Very cool and ingenious idea. Did you also install the sump pit and plumbing? That looks like a very full days work. Nice clean work!!:thumbsup:

I suppose the drain tile was just under the new slab or did it get dropped a bit lower? Is that a PVC sump pit?

Any thought to a fabric sleeve over the tile? I wonder if an auxilliary radon passive vent would be worth adding.

Any keying or doweling of the existing slab or footing to tie in new pour?

I'm so obsessive I would want to measure the amount of water that came out during the first rain. :laughing:

Great job but worth more than 1 days pay, IMHO.


----------



## superseal (Feb 4, 2009)

Willy is said:


> Very cool and ingenious idea. Did you also install the sump pit and plumbing? That looks like a very full days work. Nice clean work!!:thumbsup:
> 
> I suppose the drain tile was just under the new slab or did it get dropped a bit lower? Is that a PVC sump pit?
> 
> ...


Tried to run the pipe as high as possible under the slab - this case I hit a drain pipe from the floor drain located outside the door and went under it. still though, not under the footing. 

Pipe was dry fit , removed, landscaped fabric tea bag of 3/4 crushed stone for trench and pump crock - yes it is PVC- Jackel brand.

Passive vent is a good idea but normally don't install them. Maybe I'll start offering it:thumbsup:

Key-way is #3 bar drilled and pounded in 16" oc - 8" pieces work well. 

I do all the plumbing and sub out the power to my sparky - pump used- Little Giant 6cia complete with poly crock, check valve, union fitting for maintenance and 1/8" relief hole to prevent vapor lock. I have installed hundreds of these pumps for the local housing authority here and can knock'em out pretty quick. And yes power cord hugs the pipe and strapped out of the way.


----------



## Willy is (May 20, 2010)

superseal said:


> Passive vent is a good idea but normally don't install them. Maybe I'll start offering it:thumbsup:


I was wondering if the drain exited into air in the pit, then radon could exit. If the drain had a trap built into it, then radon could not easily exit.

Likewise, if there was a "passive" radon system if it were *installed on the tile side of the trap*, then I would think that it might vent OK and would not reverse air flow into the house.....let's say, during the winter.

I think that there is a lot of potential in making basements drier and warmer places. Great to see such an innovative and relatively simple solution. I think every basement should have a sump pump anyway, either for leaky walls or the possibility of a burst pipe. Particularly true if in a finished basement.

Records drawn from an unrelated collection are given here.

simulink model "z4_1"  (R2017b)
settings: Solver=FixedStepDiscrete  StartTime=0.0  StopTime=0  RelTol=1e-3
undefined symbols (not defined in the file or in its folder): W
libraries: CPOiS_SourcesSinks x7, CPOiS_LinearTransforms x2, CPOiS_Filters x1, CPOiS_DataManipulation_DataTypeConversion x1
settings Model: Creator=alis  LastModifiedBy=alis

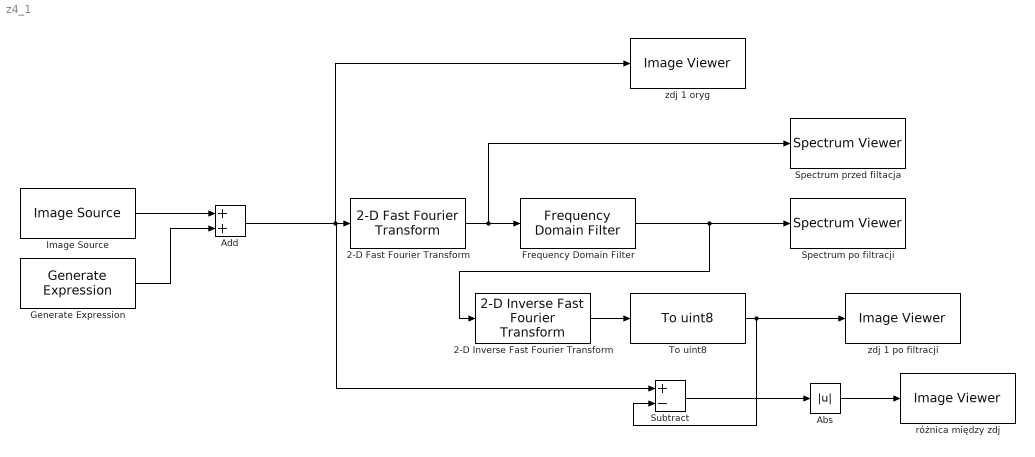
== system z4_1 ==
  2-D Fast Fourier Transform : CPOiS_LinearTransforms/2-D Fast Fourier Transform
      settings: SourceProductName=CPOiS - Digital image and signal processing
  2-D Inverse Fast Fourier Transform : CPOiS_LinearTransforms/2-D Inverse Fast  Fourier Transform
      settings: SourceProductName=CPOiS - Digital image and signal processing
  Abs : Abs
  Add : Sum
  Frequency Domain Filter : CPOiS_Filters/Frequency Domain Filter  filtertype=Low-pass Filter  radius=50
      settings: SourceProductName=CPOiS - Digital image and signal processing
  Generate Expression : CPOiS_SourcesSinks/Generate Expression  Width=512  Height=512  Expression=128.*(sin(W)+1)
      settings: SourceProductName=CPOiS - Digital image and signal processing
  Image Source : CPOiS_SourcesSinks/Image Source  FileSelection=ball.png
      settings: SourceProductName=CPOiS - Digital image and signal processing
  Spectrum po filtracji : CPOiS_SourcesSinks/Spectrum Viewer
      settings: SourceProductName=CPOiS - Digital image and signal processing
  Spectrum przed filtacja : CPOiS_SourcesSinks/Spectrum Viewer
      settings: SourceProductName=CPOiS - Digital image and signal processing
  Subtract : Sum  Inputs=+-
  To uint8 : CPOiS_DataManipulation_DataTypeConversion/To uint8
      settings: SourceProductName=CPOiS - Digital image and signal processing
  "różnica między zdj " : CPOiS_SourcesSinks/Image Viewer
      settings: SourceProductName=CPOiS - Digital image and signal processing
  zdj 1 oryg : CPOiS_SourcesSinks/Image Viewer
      settings: SourceProductName=CPOiS - Digital image and signal processing
  zdj 1 po filtracji : CPOiS_SourcesSinks/Image Viewer
      settings: SourceProductName=CPOiS - Digital image and signal processing
  wires:
  2-D Fast Fourier Transform/1 -> Spectrum przed filtacja/1, Frequency Domain Filter/1
  Image Source/1 -> Add/1
  Abs/1 -> "różnica między zdj "/1
  Subtract/1 -> Abs/1
  2-D Inverse Fast Fourier Transform/1 -> To uint8/1
  Frequency Domain Filter/1 -> 2-D Inverse Fast Fourier Transform/1, Spectrum po filtracji/1
  To uint8/1 -> Subtract/2, zdj 1 po filtracji/1
  Add/1 -> Subtract/1, zdj 1 oryg/1, 2-D Fast Fourier Transform/1
  Generate Expression/1 -> Add/2

Thanks!! Love seeing the pics!! 
Willy


----------



## gevensen (Mar 26, 2011)

i did one a few years back on an addition
i put the pipes before the floor was poured thru the foundation to 8' below the surface OUTSIDE and drainage around the outside wall tied into the same place
works awesome for 10 years ( it was my own house )
we used to get that type of flooding before, previous to that I had jackhammered a hole outside the door and ran the pump up and out under the porch. that worked too. but on the new addition its been finished 10 years now and the old pump that was in the house when i bought it never fills anymore


----------